Cuando piensas en soltar, no solo pierdes a la persona. Pierdes el rol. Pierdes la rutina. Pierdes lo conocido.
Y si ese miedo al vacío es más grande que el dolor de la relación, el cerebro encuentra formas de justificar quedarse.
Compensar y justificar
“Esto me hace daño… pero por otro lado tiene estas cosas buenas.”
Intentar balancear los aspectos negativos con los positivos parece racional.
Pero no resuelve el problema de fondo — que no hay comunicación sana, que el comportamiento dañino se repite, que algo fundamental no funciona.
El balance puede volverse peligroso porque nos mantiene en relaciones que nos dañan con la ilusión de que lo estamos evaluando con objetividad.
Esperar el cambio que no llega
“¿Y si esta vez sí cambia?”
Lo que más predice el comportamiento de una persona son sus comportamientos anteriores.
Si alguien ha sido infiel una, dos, tres veces, la predicción más realista no es que esta vez será diferente.
Es que el patrón continuará mientras no haya un trabajo real y sostenido.
Quedarse esperando ese cambio es aplazar la responsabilidad de tomar una decisión.
El miedo a ser responsable de tu propia felicidad
Cuando sueltas, ya no puedes culpar a la otra persona de tu tristeza.
Ahora te toca a ti. Levantarte. Tomar decisiones. Pasar por el duelo. Hacerte cargo.

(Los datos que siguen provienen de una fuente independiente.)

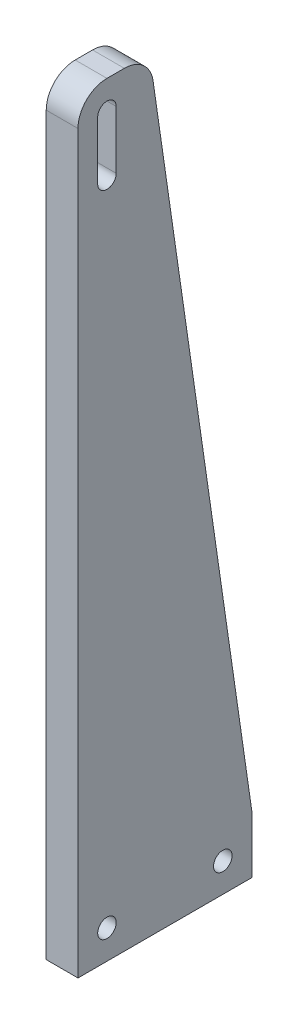
ISO-10303-21;
HEADER;
FILE_DESCRIPTION(('STEP AP214'),'2;1');
FILE_NAME('part.step','',(''),(''),'','','');
FILE_SCHEMA(('AUTOMOTIVE_DESIGN { 1 0 10303 214 1 1 1 1 }'));
ENDSEC;
DATA;
#1=APPLICATION_CONTEXT('core data for automotive mechanical design processes');
#2=APPLICATION_PROTOCOL_DEFINITION('international standard','automotive_design',2000,#1);
#3=PRODUCT_CONTEXT('',#1,'mechanical');
#4=PRODUCT('Part','Part','',(#3));
#5=PRODUCT_RELATED_PRODUCT_CATEGORY('part','',(#4));
#6=PRODUCT_DEFINITION_FORMATION('','',#4);
#7=PRODUCT_DEFINITION_CONTEXT('part definition',#1,'design');
#8=PRODUCT_DEFINITION('design','',#6,#7);
#9=PRODUCT_DEFINITION_SHAPE('','',#8);
#10=(LENGTH_UNIT() NAMED_UNIT(*) SI_UNIT(.MILLI.,.METRE.));
#11=(NAMED_UNIT(*) PLANE_ANGLE_UNIT() SI_UNIT($,.RADIAN.));
#12=(NAMED_UNIT(*) SI_UNIT($,.STERADIAN.) SOLID_ANGLE_UNIT());
#13=UNCERTAINTY_MEASURE_WITH_UNIT(LENGTH_MEASURE(1.E-05),#10,'distance_accuracy_value','');
#14=(GEOMETRIC_REPRESENTATION_CONTEXT(3) GLOBAL_UNCERTAINTY_ASSIGNED_CONTEXT((#13)) GLOBAL_UNIT_ASSIGNED_CONTEXT((#10,
#11,#12)) REPRESENTATION_CONTEXT('',''));
#15=CARTESIAN_POINT('',(0.,0.,0.));
#16=DIRECTION('',(0.,0.,1.));
#17=DIRECTION('',(1.,0.,0.));
#18=AXIS2_PLACEMENT_3D('',#15,#16,#17);
#19=CARTESIAN_POINT('',(5.4864,127.,-5.00000000000001));
#20=DIRECTION('',(-1.,0.,0.));
#21=DIRECTION('',(0.,0.,1.));
#22=AXIS2_PLACEMENT_3D('',#19,#20,#21);
#23=PLANE('',#22);
#24=DIRECTION('',(0.,-1.,0.));
#25=VECTOR('',#24,1.);
#26=CARTESIAN_POINT('',(5.4864,0.,0.));
#27=LINE('',#26,#25);
#28=CARTESIAN_POINT('',(5.4864,127.,0.));
#29=VERTEX_POINT('',#28);
#30=CARTESIAN_POINT('',(5.4864,0.,0.));
#31=VERTEX_POINT('',#30);
#32=EDGE_CURVE('E155',#29,#31,#27,.T.);
#33=ORIENTED_EDGE('',*,*,#32,.T.);
#34=DIRECTION('',(0.,0.,-1.));
#35=VECTOR('',#34,1.);
#36=CARTESIAN_POINT('',(5.4864,0.,0.));
#37=LINE('',#36,#35);
#38=CARTESIAN_POINT('',(5.4864,0.,-30.));
#39=VERTEX_POINT('',#38);
#40=EDGE_CURVE('E158',#31,#39,#37,.T.);
#41=ORIENTED_EDGE('',*,*,#40,.T.);
#42=DIRECTION('',(0.,1.,0.));
#43=VECTOR('',#42,1.);
#44=CARTESIAN_POINT('',(5.4864,0.,-30.));
#45=LINE('',#44,#43);
#46=CARTESIAN_POINT('',(5.4864,10.,-30.));
#47=VERTEX_POINT('',#46);
#48=EDGE_CURVE('E161',#39,#47,#45,.T.);
#49=ORIENTED_EDGE('',*,*,#48,.T.);
#50=DIRECTION('',(0.,0.989671048918543,0.143356949369298));
#51=VECTOR('',#50,1.);
#52=CARTESIAN_POINT('',(5.4864,10.,-30.));
#53=LINE('',#52,#51);
#54=CARTESIAN_POINT('',(5.4864,127.716784746846,-12.9483552445927));
#55=VERTEX_POINT('',#54);
#56=EDGE_CURVE('E163',#47,#55,#53,.T.);
#57=ORIENTED_EDGE('',*,*,#56,.T.);
#58=CARTESIAN_POINT('',(5.4864,127.,-8.00000000000001));
#59=DIRECTION('',(1.,0.,0.));
#60=DIRECTION('',(0.,0.,1.));
#61=AXIS2_PLACEMENT_3D('',#58,#59,#60);
#62=CIRCLE('',#61,5.00000000000001);
#63=CARTESIAN_POINT('',(5.4864,132.,-8.00000000000001));
#64=VERTEX_POINT('',#63);
#65=EDGE_CURVE('E165',#55,#64,#62,.T.);
#66=ORIENTED_EDGE('',*,*,#65,.T.);
#67=DIRECTION('',(0.,0.,1.));
#68=VECTOR('',#67,1.);
#69=CARTESIAN_POINT('',(5.4864,132.,-5.00000000000001));
#70=LINE('',#69,#68);
#71=CARTESIAN_POINT('',(5.4864,132.,-5.00000000000001));
#72=VERTEX_POINT('',#71);
#73=EDGE_CURVE('E167',#64,#72,#70,.T.);
#74=ORIENTED_EDGE('',*,*,#73,.T.);
#75=CARTESIAN_POINT('',(5.4864,127.,-5.00000000000001));
#76=DIRECTION('',(1.,0.,0.));
#77=DIRECTION('',(0.,0.,1.));
#78=AXIS2_PLACEMENT_3D('',#75,#76,#77);
#79=CIRCLE('',#78,5.);
#80=EDGE_CURVE('E169',#72,#29,#79,.T.);
#81=ORIENTED_EDGE('',*,*,#80,.T.);
#82=EDGE_LOOP('',(#33,#41,#49,#57,#66,#74,#81));
#83=FACE_BOUND('',#82,.T.);
#84=CARTESIAN_POINT('',(5.4864,117.,-5.00000000000001));
#85=DIRECTION('',(1.,0.,0.));
#86=DIRECTION('',(0.,0.,-1.));
#87=AXIS2_PLACEMENT_3D('',#84,#85,#86);
#88=CIRCLE('',#87,1.6);
#89=CARTESIAN_POINT('',(5.4864,117.,-3.40000000000001));
#90=VERTEX_POINT('',#89);
#91=CARTESIAN_POINT('',(5.4864,117.,-6.60000000000001));
#92=VERTEX_POINT('',#91);
#93=EDGE_CURVE('E116',#90,#92,#88,.T.);
#94=ORIENTED_EDGE('',*,*,#93,.F.);
#95=DIRECTION('',(0.,-1.,0.));
#96=VECTOR('',#95,1.);
#97=CARTESIAN_POINT('',(5.4864,117.,-3.40000000000001));
#98=LINE('',#97,#96);
#99=CARTESIAN_POINT('',(5.4864,127.,-3.40000000000001));
#100=VERTEX_POINT('',#99);
#101=EDGE_CURVE('E139',#100,#90,#98,.T.);
#102=ORIENTED_EDGE('',*,*,#101,.F.);
#103=CARTESIAN_POINT('',(5.4864,127.,-5.00000000000001));
#104=DIRECTION('',(1.,0.,0.));
#105=DIRECTION('',(0.,0.,-1.));
#106=AXIS2_PLACEMENT_3D('',#103,#104,#105);
#107=CIRCLE('',#106,1.6);
#108=CARTESIAN_POINT('',(5.4864,127.,-6.6));
#109=VERTEX_POINT('',#108);
#110=EDGE_CURVE('E137',#109,#100,#107,.T.);
#111=ORIENTED_EDGE('',*,*,#110,.F.);
#112=DIRECTION('',(0.,1.,0.));
#113=VECTOR('',#112,1.);
#114=CARTESIAN_POINT('',(5.4864,117.,-6.60000000000001));
#115=LINE('',#114,#113);
#116=EDGE_CURVE('E124',#92,#109,#115,.T.);
#117=ORIENTED_EDGE('',*,*,#116,.F.);
#118=EDGE_LOOP('',(#94,#102,#111,#117));
#119=FACE_BOUND('',#118,.T.);
#120=CARTESIAN_POINT('',(5.4864,5.,-5.));
#121=DIRECTION('',(1.,0.,0.));
#122=DIRECTION('',(0.,0.,-1.));
#123=AXIS2_PLACEMENT_3D('',#120,#121,#122);
#124=CIRCLE('',#123,1.6);
#125=CARTESIAN_POINT('',(5.4864,5.,-6.6));
#126=VERTEX_POINT('',#125);
#127=EDGE_CURVE('E145',#126,#126,#124,.T.);
#128=ORIENTED_EDGE('',*,*,#127,.F.);
#129=EDGE_LOOP('',(#128));
#130=FACE_BOUND('',#129,.T.);
#131=CARTESIAN_POINT('',(5.4864,5.,-25.));
#132=DIRECTION('',(1.,0.,0.));
#133=DIRECTION('',(0.,0.,-1.));
#134=AXIS2_PLACEMENT_3D('',#131,#132,#133);
#135=CIRCLE('',#134,1.6);
#136=CARTESIAN_POINT('',(5.4864,5.,-26.6));
#137=VERTEX_POINT('',#136);
#138=EDGE_CURVE('E274',#137,#137,#135,.T.);
#139=ORIENTED_EDGE('',*,*,#138,.F.);
#140=EDGE_LOOP('',(#139));
#141=FACE_BOUND('',#140,.T.);
#142=ADVANCED_FACE('F33',(#83,#119,#130,#141),#23,.F.);
#143=CARTESIAN_POINT('',(0.,127.,-5.00000000000001));
#144=DIRECTION('',(-1.,0.,0.));
#145=DIRECTION('',(0.,0.,1.));
#146=AXIS2_PLACEMENT_3D('',#143,#144,#145);
#147=PLANE('',#146);
#148=CARTESIAN_POINT('',(0.,5.,-5.));
#149=DIRECTION('',(1.,0.,0.));
#150=DIRECTION('',(0.,0.,-1.));
#151=AXIS2_PLACEMENT_3D('',#148,#149,#150);
#152=CIRCLE('',#151,1.6);
#153=CARTESIAN_POINT('',(0.,5.,-6.6));
#154=VERTEX_POINT('',#153);
#155=EDGE_CURVE('E280',#154,#154,#152,.T.);
#156=ORIENTED_EDGE('',*,*,#155,.T.);
#157=EDGE_LOOP('',(#156));
#158=FACE_BOUND('',#157,.T.);
#159=DIRECTION('',(0.,-1.,0.));
#160=VECTOR('',#159,1.);
#161=CARTESIAN_POINT('',(0.,0.,0.));
#162=LINE('',#161,#160);
#163=CARTESIAN_POINT('',(0.,127.,0.));
#164=VERTEX_POINT('',#163);
#165=CARTESIAN_POINT('',(0.,0.,0.));
#166=VERTEX_POINT('',#165);
#167=EDGE_CURVE('E132',#164,#166,#162,.T.);
#168=ORIENTED_EDGE('',*,*,#167,.F.);
#169=CARTESIAN_POINT('',(0.,127.,-5.00000000000001));
#170=DIRECTION('',(1.,0.,0.));
#171=DIRECTION('',(0.,0.,1.));
#172=AXIS2_PLACEMENT_3D('',#169,#170,#171);
#173=CIRCLE('',#172,5.);
#174=CARTESIAN_POINT('',(0.,132.,-5.00000000000001));
#175=VERTEX_POINT('',#174);
#176=EDGE_CURVE('E159',#175,#164,#173,.T.);
#177=ORIENTED_EDGE('',*,*,#176,.F.);
#178=DIRECTION('',(0.,0.,1.));
#179=VECTOR('',#178,1.);
#180=CARTESIAN_POINT('',(0.,132.,-5.00000000000001));
#181=LINE('',#180,#179);
#182=CARTESIAN_POINT('',(0.,132.,-8.00000000000001));
#183=VERTEX_POINT('',#182);
#184=EDGE_CURVE('E182',#183,#175,#181,.T.);
#185=ORIENTED_EDGE('',*,*,#184,.F.);
#186=CARTESIAN_POINT('',(0.,127.,-8.00000000000001));
#187=DIRECTION('',(1.,0.,0.));
#188=DIRECTION('',(0.,0.,1.));
#189=AXIS2_PLACEMENT_3D('',#186,#187,#188);
#190=CIRCLE('',#189,5.00000000000001);
#191=CARTESIAN_POINT('',(0.,127.716784746846,-12.9483552445927));
#192=VERTEX_POINT('',#191);
#193=EDGE_CURVE('E180',#192,#183,#190,.T.);
#194=ORIENTED_EDGE('',*,*,#193,.F.);
#195=DIRECTION('',(0.,0.989671048918543,0.143356949369298));
#196=VECTOR('',#195,1.);
#197=CARTESIAN_POINT('',(0.,10.,-30.));
#198=LINE('',#197,#196);
#199=CARTESIAN_POINT('',(0.,10.,-30.));
#200=VERTEX_POINT('',#199);
#201=EDGE_CURVE('E178',#200,#192,#198,.T.);
#202=ORIENTED_EDGE('',*,*,#201,.F.);
#203=DIRECTION('',(0.,1.,0.));
#204=VECTOR('',#203,1.);
#205=CARTESIAN_POINT('',(0.,0.,-30.));
#206=LINE('',#205,#204);
#207=CARTESIAN_POINT('',(0.,0.,-30.));
#208=VERTEX_POINT('',#207);
#209=EDGE_CURVE('E176',#208,#200,#206,.T.);
#210=ORIENTED_EDGE('',*,*,#209,.F.);
#211=DIRECTION('',(0.,0.,-1.));
#212=VECTOR('',#211,1.);
#213=CARTESIAN_POINT('',(0.,0.,0.));
#214=LINE('',#213,#212);
#215=EDGE_CURVE('E174',#166,#208,#214,.T.);
#216=ORIENTED_EDGE('',*,*,#215,.F.);
#217=EDGE_LOOP('',(#168,#177,#185,#194,#202,#210,#216));
#218=FACE_BOUND('',#217,.T.);
#219=DIRECTION('',(0.,-1.,0.));
#220=VECTOR('',#219,1.);
#221=CARTESIAN_POINT('',(0.,117.,-3.40000000000001));
#222=LINE('',#221,#220);
#223=CARTESIAN_POINT('',(0.,127.,-3.40000000000001));
#224=VERTEX_POINT('',#223);
#225=CARTESIAN_POINT('',(0.,117.,-3.40000000000001));
#226=VERTEX_POINT('',#225);
#227=EDGE_CURVE('E125',#224,#226,#222,.T.);
#228=ORIENTED_EDGE('',*,*,#227,.T.);
#229=CARTESIAN_POINT('',(0.,117.,-5.00000000000001));
#230=DIRECTION('',(1.,0.,0.));
#231=DIRECTION('',(0.,0.,-1.));
#232=AXIS2_PLACEMENT_3D('',#229,#230,#231);
#233=CIRCLE('',#232,1.6);
#234=CARTESIAN_POINT('',(0.,117.,-6.60000000000001));
#235=VERTEX_POINT('',#234);
#236=EDGE_CURVE('E56',#226,#235,#233,.T.);
#237=ORIENTED_EDGE('',*,*,#236,.T.);
#238=DIRECTION('',(0.,1.,0.));
#239=VECTOR('',#238,1.);
#240=CARTESIAN_POINT('',(0.,117.,-6.60000000000001));
#241=LINE('',#240,#239);
#242=CARTESIAN_POINT('',(0.,127.,-6.6));
#243=VERTEX_POINT('',#242);
#244=EDGE_CURVE('E131',#235,#243,#241,.T.);
#245=ORIENTED_EDGE('',*,*,#244,.T.);
#246=CARTESIAN_POINT('',(0.,127.,-5.00000000000001));
#247=DIRECTION('',(1.,0.,0.));
#248=DIRECTION('',(0.,0.,-1.));
#249=AXIS2_PLACEMENT_3D('',#246,#247,#248);
#250=CIRCLE('',#249,1.6);
#251=EDGE_CURVE('E147',#243,#224,#250,.T.);
#252=ORIENTED_EDGE('',*,*,#251,.T.);
#253=EDGE_LOOP('',(#228,#237,#245,#252));
#254=FACE_BOUND('',#253,.T.);
#255=CARTESIAN_POINT('',(0.,5.,-25.));
#256=DIRECTION('',(1.,0.,0.));
#257=DIRECTION('',(0.,0.,-1.));
#258=AXIS2_PLACEMENT_3D('',#255,#256,#257);
#259=CIRCLE('',#258,1.6);
#260=CARTESIAN_POINT('',(0.,5.,-26.6));
#261=VERTEX_POINT('',#260);
#262=EDGE_CURVE('E277',#261,#261,#259,.T.);
#263=ORIENTED_EDGE('',*,*,#262,.T.);
#264=EDGE_LOOP('',(#263));
#265=FACE_BOUND('',#264,.T.);
#266=ADVANCED_FACE('F209',(#158,#218,#254,#265),#147,.T.);
#267=CARTESIAN_POINT('',(5.4864,0.,0.));
#268=DIRECTION('',(0.,0.,-1.));
#269=DIRECTION('',(-1.,0.,0.));
#270=AXIS2_PLACEMENT_3D('',#267,#268,#269);
#271=PLANE('',#270);
#272=ORIENTED_EDGE('',*,*,#167,.T.);
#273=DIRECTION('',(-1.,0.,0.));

Y eso puede dar mucho miedo. A veces más miedo que el dolor de la relación misma.
Ver: Construyendo amor propio y autoaceptación
Cómo empezar a soltar aunque no quieras: Está bien soltar aunque todavía le ames
Soltar no es una decisión de un día para otro. No es levantarse un día y decir “suelto” y ya.
Es la acumulación de pequeñas decisiones. De escogerme a mí, poco a poco, en los momentos donde me siento pequeña o poco a salvo.
Algo que me ayudó profundamente fue cambiar una pregunta:
En lugar de: “¿Qué necesita hacer él para que yo esté bien?”
Empecé a preguntarme: “¿Qué necesito yo hacer para estar bien?”
Parece un cambio pequeño. No lo es. Ese cambio de pregunta es el inicio de la responsabilidad sobre mi propia felicidad.
Y con el tiempo, esa responsabilidad va trayendo claridad sobre si la relación puede funcionar o no.
Leer: ¿Cómo superar una ruptura cuando todavía amar a la persona?
Soltar es de valientes: Está bien soltar aunque todavía le ames
Soltar cuando todavía amas es uno de los actos más difíciles y más valientes que existe.
No significa rendirse. No significa huir ante el primer desafío.
Significa reconocer, con honestidad, que no hay trabajo en equipo, que no hay apertura para mejorar, que el dolor ya es más grande que la esperanza.
Y decidir, desde ese lugar, que tú también mereces florecer.